- TASK INSTRUCTIONS
Your task is to copy every line of the entries that holds the word "against".

- Data excerpts
┏━━
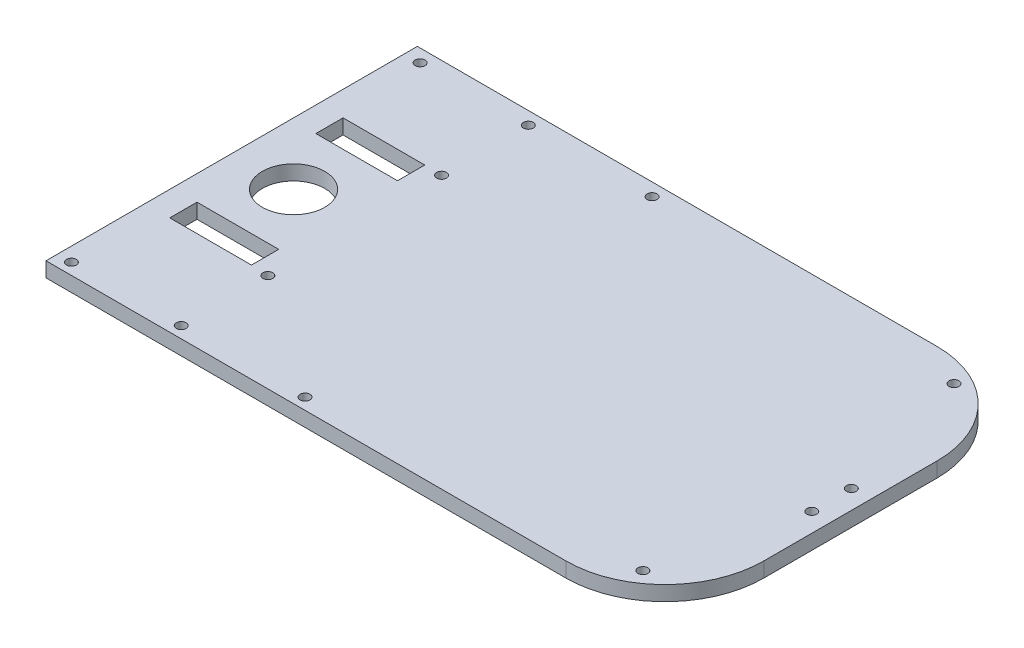
SolidWorks part; units mm, degrees
ref_plane "Front Plane" through (0, 0, 0) normal (0, 0, 1) x (1, 0, 0)
ref_plane "Top Plane" through (0, 0, 0) normal (0, 1, 0) x (1, 0, 0)
ref_plane "Right Plane" through (0, 0, 0) normal (1, 0, 0) x (0, 0, -1)
sketch "Sketch1" plane through (0, 0, 0) normal (0, 1, 0) x (1, 0, 0)
  line L1 (0, 0) -> (210, 0)
  line L2 (0, 0) -> (0, 150)
  line L3 (0, 150) -> (210, 150)
  line L4 (250, 40) -> (250, 110)
  arc A0 (250, 110) -> (210, 150) centre (210, 110) ccw
  arc A1 (210, 0) -> (250, 40) centre (210, 40) ccw
  point P7 (250, 150)
  dimension "D3" = 40
  dimension "D4" = 40
  dimension "D1" = 250
  dimension "D2" = 150
extrude "Boss-Extrude1" add sketch "Sketch1" along normal blind 6
sketch "Sketch2" plane through (0, 0, 0) normal (0, -1, 0) x (1, 0, 0)
  line L0 (0, 0) -> (210, 0) construction
  line L2 (0, -150) -> (0, 0) construction
  circle A0 centre (25, -75) radius 12.5979
  dimension "D1" = 25.1959
  dimension "D2" = 75
  dimension "D3" = 25
extrude "Cut-Extrude1" cut sketch "Sketch2" against normal through all
sketch "Sketch3" plane through (0, 6, 0) normal (0, 1, 0) x (1, 0, 0)
  line L0 (210, 150) -> (0, 150) construction
  line L1 (0, 150) -> (0, 0) construction
  circle A0 centre (6.3109, 144.8171) radius 2
  dimension "D1" = 4
  dimension "D2" = 5.1829
  dimension "D3" = 6.3109
sketch "Sketch4" plane through (0, 6, 0) normal (0, 1, 0) x (1, 0, 0)
  line L0 (0, 0) -> (210, 0) construction
  line L1 (0, 150) -> (0, 0) construction
  circle A0 centre (5.6357, 4.6328) radius 2
  dimension "D1" = 4
  dimension "D2" = 4.6328
  dimension "D3" = 5.6357
sketch "Sketch5" plane through (0, 6, 0) normal (0, 1, 0) x (1, 0, 0)
  circle A0 centre (226.3641, 140.4212) radius 2
  arc A1 (250, 110) -> (210, 150) centre (210, 110) ccw construction
  dimension "D1" = 4
  dimension "D2" = 34.5433
  dimension "D3" = 30.4212
sketch "Sketch6" plane through (0, 6, 0) normal (0, 1, 0) x (1, 0, 0)
  circle A0 centre (228.9499, 12.1646) radius 2
  arc A1 (210, 0) -> (250, 40) centre (210, 40) ccw construction
  dimension "D1" = 4
  dimension "D2" = 33.6736
  dimension "D3" = 18.9499
sketch "Sketch8" plane through (0, 6, 0) normal (0, 1, 0) x (1, 0, 0)
  line L0 (250, 40) -> (250, 110) construction
  line L1 (0, 0) -> (210, 0) construction
  line L2 (210, 150) -> (0, 150) construction
  circle A0 centre (242.3399, 83) radius 2
  circle A1 centre (242.3399, 67) radius 2
  dimension "D1" = 4
  dimension "D3" = 4
  dimension "D4" = 7.6601
  dimension "D2" = 16
  dimension "D5" = 67
  dimension "D6" = 67
sketch "Sketch10" plane through (0, 6, 0) normal (0, 1, 0) x (1, 0, 0)
  line L0 (210, 150) -> (0, 150) construction
  line L1 (0, 150) -> (0, 0) construction
  line L2 (0, 0) -> (210, 0) construction
  circle A0 centre (50, 144.82) radius 2
  circle A1 centre (50, 4.63) radius 2
  circle A3 centre (100, 4.63) radius 2
  circle A4 centre (100, 144.82) radius 2
  circle A5 centre (50, 109.82) radius 2
  circle A6 centre (50, 39.63) radius 2
  dimension "D1" = 4
  dimension "D4" = 4
  dimension "D9" = 4
  dimension "D10" = 4
  dimension "D15" = 4
  dimension "D18" = 4
  dimension "D14" = 50
  dimension "D17" = 50
  dimension "D2" = 5.18
  dimension "D3" = 50
  dimension "D5" = 4.63
  dimension "D6" = 50
  dimension "D7" = 50
  dimension "D8" = 4.63
  dimension "D11" = 50
  dimension "D12" = 5.18
  dimension "D13" = 35
  dimension "D16" = 35
extrude "Cut-Extrude10" cut sketch "Sketch3" against normal through all
extrude "Cut-Extrude11" cut sketch "Sketch4" against normal through all
extrude "Cut-Extrude12" cut sketch "Sketch5" against normal through all
extrude "Cut-Extrude13" cut sketch "Sketch6" against normal through all
extrude "Cut-Extrude14" cut sketch "Sketch8" against normal through all
extrude "Cut-Extrude15" cut sketch "Sketch10" against normal through all
sketch "Sketch13" plane through (0, 6, 0) normal (0, 1, 0) x (1, 0, 0)
  line L0 (0, 150) -> (0, 0) construction
  line L1 (10, 110) -> (43, 110)
  line L2 (10, 110) -> (10, 99)
  line L3 (10, 99) -> (43, 99)
  line L4 (43, 110) -> (43, 99)
  line L15 (10, 51) -> (43, 51)
  line L16 (10, 51) -> (10, 40)
  line L17 (10, 40) -> (43, 40)
  line L18 (43, 51) -> (43, 40)
  circle A0 centre (25, 75) radius 12.5979 construction
  dimension "D1" = 33
  dimension "D2" = 11
  dimension "D3" = 10
  dimension "D4" = 24
  dimension "D5" = 33
  dimension "D6" = 11
  dimension "D7" = 10
  dimension "D14" = 24
extrude "Cut-Extrude16" cut sketch "Sketch13" against normal through all
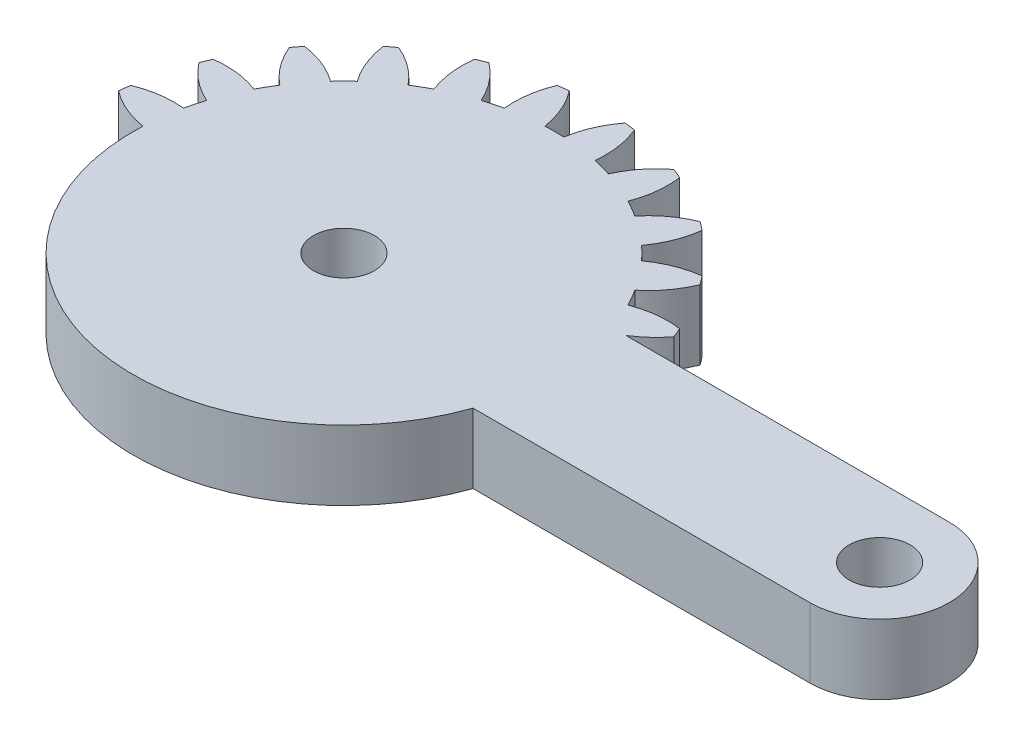
SolidWorks part; units mm, degrees
ref_plane "Front Plane" through (0, 0, 0) normal (0, 0, 1) x (1, 0, 0)
ref_plane "Top Plane" through (0, 0, 0) normal (0, 1, 0) x (1, 0, 0)
ref_plane "Right Plane" through (0, 0, 0) normal (1, 0, 0) x (0, 0, -1)
ref_plane "Plane1" through (0, 4, 0) normal (0, 1, 0) x (1, 0, 0)
sketch "Sketch1" plane through (0, 4, 0) normal (0, 1, 0) x (1, 0, 0)
  line L0 (1.3057, -4) -> (20.6437, -4)
  line L1 (20.6437, 4) -> (2.0816, 4)
  arc A0 (-24.5622, 2.2179) -> (-24.6437, 1.5991) centre (-10.1063, 0) ccw
  arc A1 (-24.6437, 1.5991) -> (-22.1869, 0.5427) centre (-21.3486, 5.8773) ccw
  arc A2 (-22.1869, 0.5427) -> (1.3057, -4) centre (-10.1063, 0) ccw
  arc A3 (20.6437, -4) -> (20.6437, 4) centre (20.6437, 0) ccw
  arc A4 (2.0816, 4) -> (3.5217, 5.3071) centre (-0.7683, 8.5867) ccw
  arc A5 (3.5217, 5.3071) -> (3.2829, 5.8838) centre (-10.1063, 0) ccw
  arc A6 (3.2829, 5.8838) -> (0.6271, 5.5703) centre (2.5684, 0.5313) ccw
  arc A7 (0.6271, 5.5703) -> (0.0844, 6.5103) centre (-10.1063, 0) ccw
  arc A8 (0.0844, 6.5103) -> (1.6838, 8.6535) centre (-3.3089, 10.711) ccw
  arc A9 (1.6838, 8.6535) -> (1.3038, 9.1487) centre (-10.1063, 0) ccw
  arc A10 (1.3038, 9.1487) -> (-1.1803, 8.1585) centre (1.999, 3.7936) ccw
  arc A11 (-1.1803, 8.1585) -> (-1.9479, 8.926) centre (-10.1063, 0) ccw
  arc A12 (-1.9479, 8.926) -> (-0.9576, 11.4102) centre (-6.3127, 12.1053) ccw
  arc A13 (-0.9576, 11.4102) -> (-1.4528, 11.7901) centre (-10.1063, 0) ccw
  arc A14 (-1.4528, 11.7901) -> (-3.596, 10.1907) centre (0.6046, 6.7975) ccw
  arc A15 (-3.596, 10.1907) -> (-4.5361, 10.7334) centre (-10.1063, 0) ccw
  arc A16 (-4.5361, 10.7334) -> (-4.2225, 13.3892) centre (-9.5751, 12.6747) ccw
  arc A17 (-4.2225, 13.3892) -> (-4.7992, 13.6281) centre (-10.1063, 0) ccw
  arc A18 (-4.7992, 13.6281) -> (-6.4554, 11.5285) centre (-1.5196, 9.3381) ccw
  arc A19 (-6.4554, 11.5285) -> (-7.5039, 11.8094) centre (-10.1063, 0) ccw
  arc A20 (-7.5039, 11.8094) -> (-7.8884, 14.4558) centre (-12.8736, 12.3803) ccw
  arc A21 (-7.8884, 14.4558) -> (-8.5072, 14.5373) centre (-10.1063, 0) ccw
  arc A22 (-8.5072, 14.5373) -> (-9.5636, 12.0806) centre (-4.2291, 11.2423) ccw
  arc A23 (-9.5636, 12.0806) -> (-10.6491, 12.0806) centre (-10.1063, 0) ccw
  arc A24 (-10.6491, 12.0806) -> (-11.7054, 14.5373) centre (-15.9836, 11.2423) ccw
  arc A25 (-11.7054, 14.5373) -> (-12.3243, 14.4558) centre (-10.1063, 0) ccw
  arc A26 (-12.3243, 14.4558) -> (-12.7088, 11.8094) centre (-7.3391, 12.3803) ccw
  arc A27 (-12.7088, 11.8094) -> (-13.7573, 11.5285) centre (-10.1063, 0) ccw
  arc A28 (-13.7573, 11.5285) -> (-15.4135, 13.6281) centre (-18.6931, 9.3381) ccw
  arc A29 (-15.4135, 13.6281) -> (-15.9901, 13.3892) centre (-10.1063, 0) ccw
  arc A30 (-15.9901, 13.3892) -> (-15.6766, 10.7334) centre (-10.6376, 12.6747) ccw
  arc A31 (-15.6766, 10.7334) -> (-16.6166, 10.1907) centre (-10.1063, 0) ccw
  arc A32 (-16.6166, 10.1907) -> (-18.7599, 11.7901) centre (-20.8173, 6.7975) ccw
  arc A33 (-18.7599, 11.7901) -> (-19.255, 11.4102) centre (-10.1063, 0) ccw
  arc A34 (-19.255, 11.4102) -> (-18.2648, 8.926) centre (-13.9, 12.1053) ccw
  arc A35 (-18.2648, 8.926) -> (-19.0324, 8.1585) centre (-10.1063, 0) ccw
  arc A36 (-19.0324, 8.1585) -> (-21.5165, 9.1487) centre (-22.2117, 3.7936) ccw
  arc A37 (-21.5165, 9.1487) -> (-21.8965, 8.6535) centre (-10.1063, 0) ccw
  arc A38 (-21.8965, 8.6535) -> (-20.2971, 6.5103) centre (-16.9038, 10.711) ccw
  arc A39 (-20.2971, 6.5103) -> (-20.8398, 5.5703) centre (-10.1063, 0) ccw
  arc A40 (-20.8398, 5.5703) -> (-23.4956, 5.8838) centre (-22.7811, 0.5313) ccw
  arc A41 (-23.4956, 5.8838) -> (-23.7344, 5.3071) centre (-10.1063, 0) ccw
  arc A42 (-23.7344, 5.3071) -> (-21.6348, 3.6509) centre (-19.4444, 8.5867) ccw
  arc A43 (-21.6348, 3.6509) -> (-21.9157, 2.6025) centre (-10.1063, 0) ccw
  arc A44 (-21.9157, 2.6025) -> (-24.5622, 2.2179) centre (-22.4867, -2.7673) ccw
  circle A45 centre (20.6437, 0) radius 1.75
  circle A46 centre (-10.1063, 0) radius 1.75
  dimension "D1" = 3.5
  dimension "D2" = 14.625
  dimension "D3" = 5.4
  dimension "D4" = 0.0844
  dimension "D5" = 4
  dimension "D6" = 0.6046
  dimension "D7" = 1.3057
  dimension "D8" = 2.0816
  dimension "D9" = 3.5217
  dimension "D10" = 1.1803
  dimension "D11" = 1.5196
  dimension "D12" = 3.3089
  dimension "D13" = 4.7992
  dimension "D14" = 9.5751
  dimension "D15" = 11.7054
  dimension "D16" = 20.6437
  dimension "D17" = 15.4135
  dimension "D18" = 18.6931
  dimension "D19" = 21.3486
  dimension "D20" = 21.9157
  dimension "D21" = 22.1869
  dimension "D22" = 22.4867
  dimension "D23" = 23.4956
extrude "Boss-Extrude1" add sketch "Sketch1" against normal blind 4
┗━━
- COMPLETED TASK
extrude "Cut-Extrude1" cut sketch "Sketch2" against normal through all
extrude "Cut-Extrude10" cut sketch "Sketch3" against normal through all
extrude "Cut-Extrude11" cut sketch "Sketch4" against normal through all
extrude "Cut-Extrude12" cut sketch "Sketch5" against normal through all
extrude "Cut-Extrude13" cut sketch "Sketch6" against normal through all
extrude "Cut-Extrude14" cut sketch "Sketch8" against normal through all
extrude "Cut-Extrude15" cut sketch "Sketch10" against normal through all
extrude "Cut-Extrude16" cut sketch "Sketch13" against normal through all
extrude "Boss-Extrude1" add sketch "Sketch1" against normal blind 4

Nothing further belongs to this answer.